Data excerpts:
======

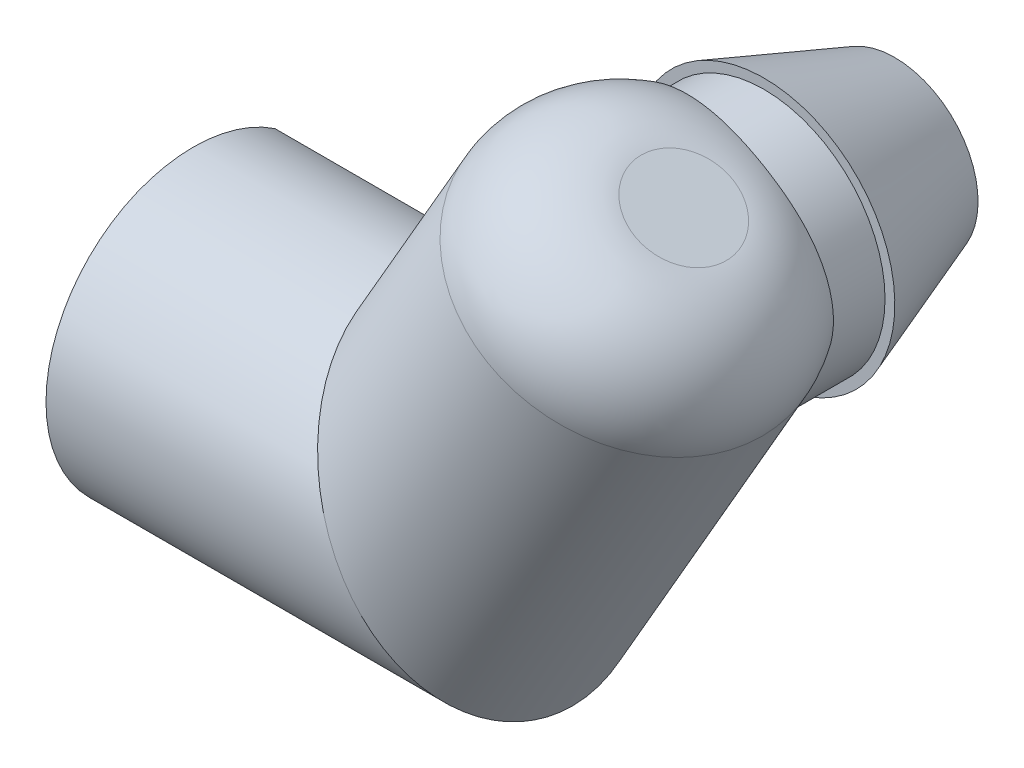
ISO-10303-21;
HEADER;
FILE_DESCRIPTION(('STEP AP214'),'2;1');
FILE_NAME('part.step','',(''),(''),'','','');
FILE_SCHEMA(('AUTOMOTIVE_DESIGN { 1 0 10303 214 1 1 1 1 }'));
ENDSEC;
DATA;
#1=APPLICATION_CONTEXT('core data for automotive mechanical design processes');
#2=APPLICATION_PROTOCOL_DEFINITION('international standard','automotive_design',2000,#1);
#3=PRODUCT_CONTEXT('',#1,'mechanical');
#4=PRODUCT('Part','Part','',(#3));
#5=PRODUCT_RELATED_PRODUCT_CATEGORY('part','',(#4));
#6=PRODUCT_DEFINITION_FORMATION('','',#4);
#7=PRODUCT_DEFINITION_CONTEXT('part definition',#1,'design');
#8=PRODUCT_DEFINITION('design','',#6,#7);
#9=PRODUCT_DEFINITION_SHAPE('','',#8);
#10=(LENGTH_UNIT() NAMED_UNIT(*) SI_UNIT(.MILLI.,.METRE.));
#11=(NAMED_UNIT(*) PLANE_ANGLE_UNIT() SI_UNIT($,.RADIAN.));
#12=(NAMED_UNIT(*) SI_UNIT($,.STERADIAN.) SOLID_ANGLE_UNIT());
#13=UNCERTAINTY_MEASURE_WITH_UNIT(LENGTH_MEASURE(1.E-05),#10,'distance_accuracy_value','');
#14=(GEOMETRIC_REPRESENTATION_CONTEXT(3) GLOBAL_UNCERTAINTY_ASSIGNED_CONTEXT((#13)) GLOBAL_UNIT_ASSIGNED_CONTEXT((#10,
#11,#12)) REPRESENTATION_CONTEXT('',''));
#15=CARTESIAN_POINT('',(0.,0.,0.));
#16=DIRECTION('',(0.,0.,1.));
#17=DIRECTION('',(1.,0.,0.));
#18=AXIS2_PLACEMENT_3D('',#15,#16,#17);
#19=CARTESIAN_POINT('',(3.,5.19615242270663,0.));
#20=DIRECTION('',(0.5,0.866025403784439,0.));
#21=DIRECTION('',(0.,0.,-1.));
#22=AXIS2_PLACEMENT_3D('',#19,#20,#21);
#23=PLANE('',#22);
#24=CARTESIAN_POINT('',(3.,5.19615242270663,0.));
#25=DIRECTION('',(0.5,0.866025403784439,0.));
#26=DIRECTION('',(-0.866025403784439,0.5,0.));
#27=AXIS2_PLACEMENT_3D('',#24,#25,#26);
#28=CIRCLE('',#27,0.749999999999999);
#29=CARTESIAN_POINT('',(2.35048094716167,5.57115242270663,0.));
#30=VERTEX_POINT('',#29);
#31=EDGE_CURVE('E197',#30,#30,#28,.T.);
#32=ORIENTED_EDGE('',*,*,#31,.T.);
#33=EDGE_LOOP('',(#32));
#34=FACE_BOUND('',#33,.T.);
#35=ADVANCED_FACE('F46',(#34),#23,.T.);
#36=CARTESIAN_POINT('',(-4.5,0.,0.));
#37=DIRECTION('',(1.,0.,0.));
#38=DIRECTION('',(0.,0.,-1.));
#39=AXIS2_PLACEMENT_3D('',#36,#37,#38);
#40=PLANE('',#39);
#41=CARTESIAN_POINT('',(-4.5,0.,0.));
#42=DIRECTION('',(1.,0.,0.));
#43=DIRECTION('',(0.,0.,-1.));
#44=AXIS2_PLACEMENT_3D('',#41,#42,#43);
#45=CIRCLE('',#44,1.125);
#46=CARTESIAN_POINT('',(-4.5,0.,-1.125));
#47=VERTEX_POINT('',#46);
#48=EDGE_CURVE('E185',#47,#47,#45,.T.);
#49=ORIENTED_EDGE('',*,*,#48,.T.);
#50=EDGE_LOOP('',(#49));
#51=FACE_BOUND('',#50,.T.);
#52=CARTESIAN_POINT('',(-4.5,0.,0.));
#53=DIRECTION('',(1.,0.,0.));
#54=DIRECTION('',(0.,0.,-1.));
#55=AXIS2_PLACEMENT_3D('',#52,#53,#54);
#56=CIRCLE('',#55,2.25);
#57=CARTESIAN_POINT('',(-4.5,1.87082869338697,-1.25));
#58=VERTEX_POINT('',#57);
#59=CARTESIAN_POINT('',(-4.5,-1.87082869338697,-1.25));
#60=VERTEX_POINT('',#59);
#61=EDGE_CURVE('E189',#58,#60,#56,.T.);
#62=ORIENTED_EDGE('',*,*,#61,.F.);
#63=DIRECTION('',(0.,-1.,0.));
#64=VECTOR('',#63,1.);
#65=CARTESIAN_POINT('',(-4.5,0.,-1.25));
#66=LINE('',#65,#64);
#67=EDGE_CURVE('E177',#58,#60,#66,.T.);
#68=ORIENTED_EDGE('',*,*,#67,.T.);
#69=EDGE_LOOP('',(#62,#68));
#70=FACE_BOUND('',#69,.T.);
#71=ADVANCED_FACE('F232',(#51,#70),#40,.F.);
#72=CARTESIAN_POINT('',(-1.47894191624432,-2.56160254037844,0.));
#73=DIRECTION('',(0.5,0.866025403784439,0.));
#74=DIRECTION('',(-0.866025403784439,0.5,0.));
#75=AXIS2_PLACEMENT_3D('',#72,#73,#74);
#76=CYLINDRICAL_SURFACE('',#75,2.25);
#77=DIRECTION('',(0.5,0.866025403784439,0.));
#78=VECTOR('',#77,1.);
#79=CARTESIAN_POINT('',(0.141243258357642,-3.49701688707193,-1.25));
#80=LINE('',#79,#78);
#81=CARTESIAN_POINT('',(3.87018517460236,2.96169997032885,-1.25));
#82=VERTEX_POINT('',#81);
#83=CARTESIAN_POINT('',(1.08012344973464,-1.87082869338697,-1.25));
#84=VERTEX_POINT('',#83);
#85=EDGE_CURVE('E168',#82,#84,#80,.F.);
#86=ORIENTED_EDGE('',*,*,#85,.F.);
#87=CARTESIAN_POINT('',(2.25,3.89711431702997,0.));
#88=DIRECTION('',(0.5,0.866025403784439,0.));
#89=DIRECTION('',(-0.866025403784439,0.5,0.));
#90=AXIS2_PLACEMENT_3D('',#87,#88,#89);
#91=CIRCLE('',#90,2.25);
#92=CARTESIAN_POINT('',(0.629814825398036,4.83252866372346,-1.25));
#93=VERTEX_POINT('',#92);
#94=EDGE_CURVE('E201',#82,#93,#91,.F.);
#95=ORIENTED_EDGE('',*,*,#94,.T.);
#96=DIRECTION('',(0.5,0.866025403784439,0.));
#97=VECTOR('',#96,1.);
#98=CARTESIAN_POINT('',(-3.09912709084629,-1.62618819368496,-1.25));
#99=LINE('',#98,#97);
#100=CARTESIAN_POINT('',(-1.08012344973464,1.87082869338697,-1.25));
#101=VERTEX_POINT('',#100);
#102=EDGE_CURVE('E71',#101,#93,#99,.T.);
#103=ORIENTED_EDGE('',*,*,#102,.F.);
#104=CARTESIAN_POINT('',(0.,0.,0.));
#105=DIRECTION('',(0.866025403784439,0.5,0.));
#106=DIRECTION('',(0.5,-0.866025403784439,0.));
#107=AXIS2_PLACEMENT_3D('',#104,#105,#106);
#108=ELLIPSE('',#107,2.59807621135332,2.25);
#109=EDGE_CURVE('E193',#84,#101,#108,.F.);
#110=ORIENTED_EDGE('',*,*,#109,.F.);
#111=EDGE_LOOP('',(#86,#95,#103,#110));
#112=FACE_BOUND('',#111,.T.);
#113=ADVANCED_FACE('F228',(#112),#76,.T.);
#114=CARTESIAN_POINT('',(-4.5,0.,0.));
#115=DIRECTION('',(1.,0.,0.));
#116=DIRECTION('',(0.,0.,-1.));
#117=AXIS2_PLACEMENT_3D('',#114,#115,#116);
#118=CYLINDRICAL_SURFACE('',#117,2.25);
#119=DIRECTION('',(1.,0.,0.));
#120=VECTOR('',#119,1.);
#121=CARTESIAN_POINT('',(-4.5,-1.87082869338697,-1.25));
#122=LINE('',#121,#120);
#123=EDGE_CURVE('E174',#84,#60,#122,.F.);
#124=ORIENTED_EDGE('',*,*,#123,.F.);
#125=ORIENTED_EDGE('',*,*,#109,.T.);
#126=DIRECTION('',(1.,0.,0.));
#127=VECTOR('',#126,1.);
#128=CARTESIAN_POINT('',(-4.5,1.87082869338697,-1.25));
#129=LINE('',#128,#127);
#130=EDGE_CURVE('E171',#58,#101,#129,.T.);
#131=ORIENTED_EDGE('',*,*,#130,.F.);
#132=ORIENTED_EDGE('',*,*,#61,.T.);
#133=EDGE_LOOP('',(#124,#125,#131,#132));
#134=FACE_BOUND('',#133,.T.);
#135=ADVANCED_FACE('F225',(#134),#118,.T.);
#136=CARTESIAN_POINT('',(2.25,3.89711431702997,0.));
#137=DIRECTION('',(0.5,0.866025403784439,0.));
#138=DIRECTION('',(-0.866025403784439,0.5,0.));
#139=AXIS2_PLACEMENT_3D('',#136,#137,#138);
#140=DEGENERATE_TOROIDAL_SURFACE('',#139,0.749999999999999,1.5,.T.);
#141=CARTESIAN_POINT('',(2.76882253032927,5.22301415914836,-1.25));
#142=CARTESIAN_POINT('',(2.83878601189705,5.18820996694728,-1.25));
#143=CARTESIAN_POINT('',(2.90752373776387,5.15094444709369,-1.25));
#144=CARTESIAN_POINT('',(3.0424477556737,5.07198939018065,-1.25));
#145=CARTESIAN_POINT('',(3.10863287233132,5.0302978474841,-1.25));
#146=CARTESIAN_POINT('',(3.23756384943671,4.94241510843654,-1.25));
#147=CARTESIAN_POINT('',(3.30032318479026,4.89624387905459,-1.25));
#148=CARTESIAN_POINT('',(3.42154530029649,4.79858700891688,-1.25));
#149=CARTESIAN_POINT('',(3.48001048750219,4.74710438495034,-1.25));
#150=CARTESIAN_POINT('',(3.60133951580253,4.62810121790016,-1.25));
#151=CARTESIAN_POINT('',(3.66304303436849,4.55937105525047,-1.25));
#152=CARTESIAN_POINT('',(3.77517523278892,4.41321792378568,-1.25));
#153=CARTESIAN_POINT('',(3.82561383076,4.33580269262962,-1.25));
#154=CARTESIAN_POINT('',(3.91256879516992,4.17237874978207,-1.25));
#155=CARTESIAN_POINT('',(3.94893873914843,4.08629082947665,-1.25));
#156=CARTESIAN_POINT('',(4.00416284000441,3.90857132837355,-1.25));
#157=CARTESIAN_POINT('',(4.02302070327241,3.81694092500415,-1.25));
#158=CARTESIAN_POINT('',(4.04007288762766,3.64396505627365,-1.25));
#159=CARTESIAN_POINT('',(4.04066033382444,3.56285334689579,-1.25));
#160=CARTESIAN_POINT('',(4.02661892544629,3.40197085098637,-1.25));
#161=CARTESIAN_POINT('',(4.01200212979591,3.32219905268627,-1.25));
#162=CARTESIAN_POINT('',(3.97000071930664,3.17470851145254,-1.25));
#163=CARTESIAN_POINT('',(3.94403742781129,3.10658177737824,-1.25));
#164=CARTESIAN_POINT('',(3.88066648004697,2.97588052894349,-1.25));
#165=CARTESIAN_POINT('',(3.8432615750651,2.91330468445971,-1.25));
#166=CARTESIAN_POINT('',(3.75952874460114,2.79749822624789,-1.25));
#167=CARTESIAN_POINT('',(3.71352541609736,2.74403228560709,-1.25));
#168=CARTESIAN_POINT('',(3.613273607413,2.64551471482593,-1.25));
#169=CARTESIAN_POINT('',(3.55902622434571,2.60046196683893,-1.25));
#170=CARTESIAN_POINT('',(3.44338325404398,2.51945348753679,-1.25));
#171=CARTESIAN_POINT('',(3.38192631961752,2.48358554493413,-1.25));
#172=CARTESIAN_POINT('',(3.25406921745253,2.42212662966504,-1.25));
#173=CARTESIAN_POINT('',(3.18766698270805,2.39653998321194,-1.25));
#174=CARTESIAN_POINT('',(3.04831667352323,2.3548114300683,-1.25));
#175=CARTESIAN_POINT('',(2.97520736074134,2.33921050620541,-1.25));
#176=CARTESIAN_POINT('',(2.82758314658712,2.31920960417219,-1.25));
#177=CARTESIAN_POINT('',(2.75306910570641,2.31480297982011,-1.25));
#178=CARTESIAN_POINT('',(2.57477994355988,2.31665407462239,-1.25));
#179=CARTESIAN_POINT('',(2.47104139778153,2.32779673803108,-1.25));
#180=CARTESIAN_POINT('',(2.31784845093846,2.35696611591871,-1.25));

======

Exercise details: Up to and including the line that contains "#27=AXIS2_PLACEMENT_3D('',#24,#25,#26);", print the records above exactly from their first line, without any pictures.

Answer box:
ISO-10303-21;
HEADER;
FILE_DESCRIPTION(('STEP AP214'),'2;1');
FILE_NAME('part.step','',(''),(''),'','','');
FILE_SCHEMA(('AUTOMOTIVE_DESIGN { 1 0 10303 214 1 1 1 1 }'));
ENDSEC;
DATA;
#1=APPLICATION_CONTEXT('core data for automotive mechanical design processes');
#2=APPLICATION_PROTOCOL_DEFINITION('international standard','automotive_design',2000,#1);
#3=PRODUCT_CONTEXT('',#1,'mechanical');
#4=PRODUCT('Part','Part','',(#3));
#5=PRODUCT_RELATED_PRODUCT_CATEGORY('part','',(#4));
#6=PRODUCT_DEFINITION_FORMATION('','',#4);
#7=PRODUCT_DEFINITION_CONTEXT('part definition',#1,'design');
#8=PRODUCT_DEFINITION('design','',#6,#7);
#9=PRODUCT_DEFINITION_SHAPE('','',#8);
#10=(LENGTH_UNIT() NAMED_UNIT(*) SI_UNIT(.MILLI.,.METRE.));
#11=(NAMED_UNIT(*) PLANE_ANGLE_UNIT() SI_UNIT($,.RADIAN.));
#12=(NAMED_UNIT(*) SI_UNIT($,.STERADIAN.) SOLID_ANGLE_UNIT());
#13=UNCERTAINTY_MEASURE_WITH_UNIT(LENGTH_MEASURE(1.E-05),#10,'distance_accuracy_value','');
#14=(GEOMETRIC_REPRESENTATION_CONTEXT(3) GLOBAL_UNCERTAINTY_ASSIGNED_CONTEXT((#13)) GLOBAL_UNIT_ASSIGNED_CONTEXT((#10,
#11,#12)) REPRESENTATION_CONTEXT('',''));
#15=CARTESIAN_POINT('',(0.,0.,0.));
#16=DIRECTION('',(0.,0.,1.));
#17=DIRECTION('',(1.,0.,0.));
#18=AXIS2_PLACEMENT_3D('',#15,#16,#17);
#19=CARTESIAN_POINT('',(3.,5.19615242270663,0.));
#20=DIRECTION('',(0.5,0.866025403784439,0.));
#21=DIRECTION('',(0.,0.,-1.));
#22=AXIS2_PLACEMENT_3D('',#19,#20,#21);
#23=PLANE('',#22);
#24=CARTESIAN_POINT('',(3.,5.19615242270663,0.));
#25=DIRECTION('',(0.5,0.866025403784439,0.));
#26=DIRECTION('',(-0.866025403784439,0.5,0.));
#27=AXIS2_PLACEMENT_3D('',#24,#25,#26);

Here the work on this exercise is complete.